I was just pointing out how bad the ACC stinks, your the one who sounds like you have your panties in a wad.  I'm laughing at the ACC, you sound angry.  Some poster made the ACC out to be some great conference and everyone knew that was an aberration and these games prove that.  You're dadgum right I root for SEC teams if they playing someone from another conference.  if they get great recruits because they win, the that is awesome, because I want UGA to play against the best teams they possibly can.  I want UGA to win and prove themselves against the best, if they lose, so be it.


----------



## elfiii (Dec 28, 2014)

The SEC is the unquestioned #1 conference in CFB. It means something to be #1.


----------



## Hooked On Quack (Dec 28, 2014)

elfiii said:


> The SEC is the unquestioned #1 conference in CFB. It means something to be #1.





Two words for ya, "Belk Bowl."


----------



## Barry Duggan (Dec 28, 2014)

I look at it a little differently. I mainly have a list of teams I never pull for. Included on that list, but not limited to, are Notre Dame, Penn State, Michigan, Ohio State...you know the teams the leg humpers are always trying to push to the top. Rank them high early, so they have to lose their way out instead of winning their way in.


----------



## SpotandStalk (Dec 28, 2014)

Go Noles!


----------



## alphachief (Dec 28, 2014)

elfiii said:


> The SEC is the unquestioned #1 conference in CFB. It means something to be #1.



Not really...you got one team in the playoffs...same as three other conferences.


----------



## riprap (Dec 28, 2014)

You know you are in a bad conference or playing in a bad bowl when that woman announcer is doing your game.


----------



## mguthrie (Dec 28, 2014)

elfiii said:


> The SEC is the unquestioned #1 conference in CFB. It means something to be #1.

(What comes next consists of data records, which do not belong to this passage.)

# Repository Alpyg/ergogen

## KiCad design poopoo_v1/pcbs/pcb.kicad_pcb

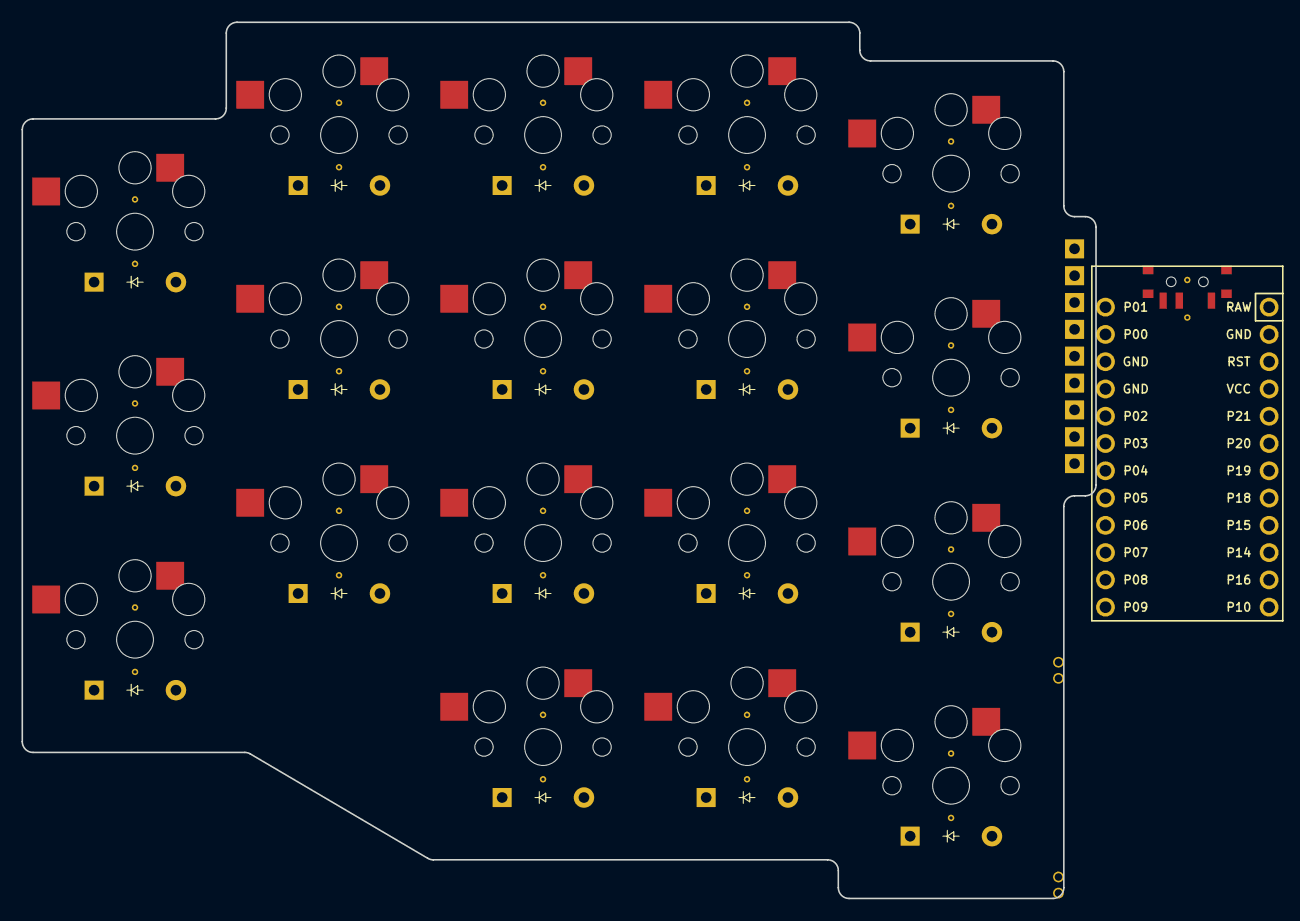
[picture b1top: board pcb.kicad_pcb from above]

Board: 2 copper layers, 100.0 x 81.6 mm, 37 parts (0 on the bottom side), 28 nets, no tracks yet.

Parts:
D1, D2, D3, D4, D5, D6, D7, D8, D9, D10, D11, D12, D13, D14, D15, D16, D17, D18: ComboDiode
MCU1: ProMicro
S1, S2, S3, S4, S5, S6, S7, S8, S9, S10, S11, S12, S13, S14, S15, S16, S17, S18: PG1350

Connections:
GND: MCU1.2, MCU1.15, MCU1.16
col_far: S15.2, S16.2, S17.2, S18.2
col_index: S11.2, S12.2, S13.2, S14.2
col_middle: S7.2, S8.2, S9.2, S10.2
col_pinky: S1.2, S2.2, S3.2
col_ring: S4.2, S5.2, S6.2
home_col_far: D17.2, S17.1
home_col_index: D13.2, S13.1
home_col_middle: D9.2, S9.1
home_col_pinky: D2.2, S2.1
home_col_ring: D5.2, S5.1
inner_col_far: D16.2, S16.1
inner_col_index: D12.2, S12.1
inner_col_middle: D8.2, S8.1
inner_col_pinky: D1.2, S1.1
inner_col_ring: D4.2, S4.1
outer_col_far: D18.2, S18.1
outer_col_index: D14.2, S14.1
outer_col_middle: D10.2, S10.1
outer_col_pinky: D3.2, S3.1
outer_col_ring: D6.2, S6.1
row_home: D2.1, D5.1, D9.1, D13.1, D17.1
row_inner: D1.1, D4.1, D8.1, D12.1, D16.1
row_outer: D3.1, D6.1, D10.1, D14.1, D18.1
row_thumb: D7.1, D11.1, D15.1
thumb_col_far: D15.2, S15.1
thumb_col_index: D11.2, S11.1
thumb_col_middle: D7.2, S7.1

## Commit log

2023-01-16 Added Ben Vallack's footprints
2023-01-28 Revert "Added Ben Vallack's footprints"
    This reverts commit 423b156d2d0c8febfb8dc57614209ea511b82ca3.
2023-10-22 poopoo
2024-06-14 PooVoyager v1
2024-07-09 PooVoyager v2 started

NoT being rude Elfi but so what. Does the sec win championships. The SEC isn't all that great this year anyhow. We'll see what happens jan. 1st. I think the bucks are going to give Bama all they can handle and maybe more. Wouldn't surprise me if FSU beats Oregon. All they do is win


----------



## mguthrie (Dec 28, 2014)

riprap said:


> You know you are in a bad conference or playing in a bad bowl when that woman announcer is doing your game.



Or a NASCAR annoucer


----------



## mguthrie (Dec 28, 2014)

Barry Duggan said:


> I look at it a little differently. I mainly have a list of teams I never pull for. Included on that list, but not limited to, are Notre Dame, Penn State, Michigan, Ohio State...you know the teams the leg humpers are always trying to push to the top. Rank them high early, so they have to lose their way out instead of winning their way in.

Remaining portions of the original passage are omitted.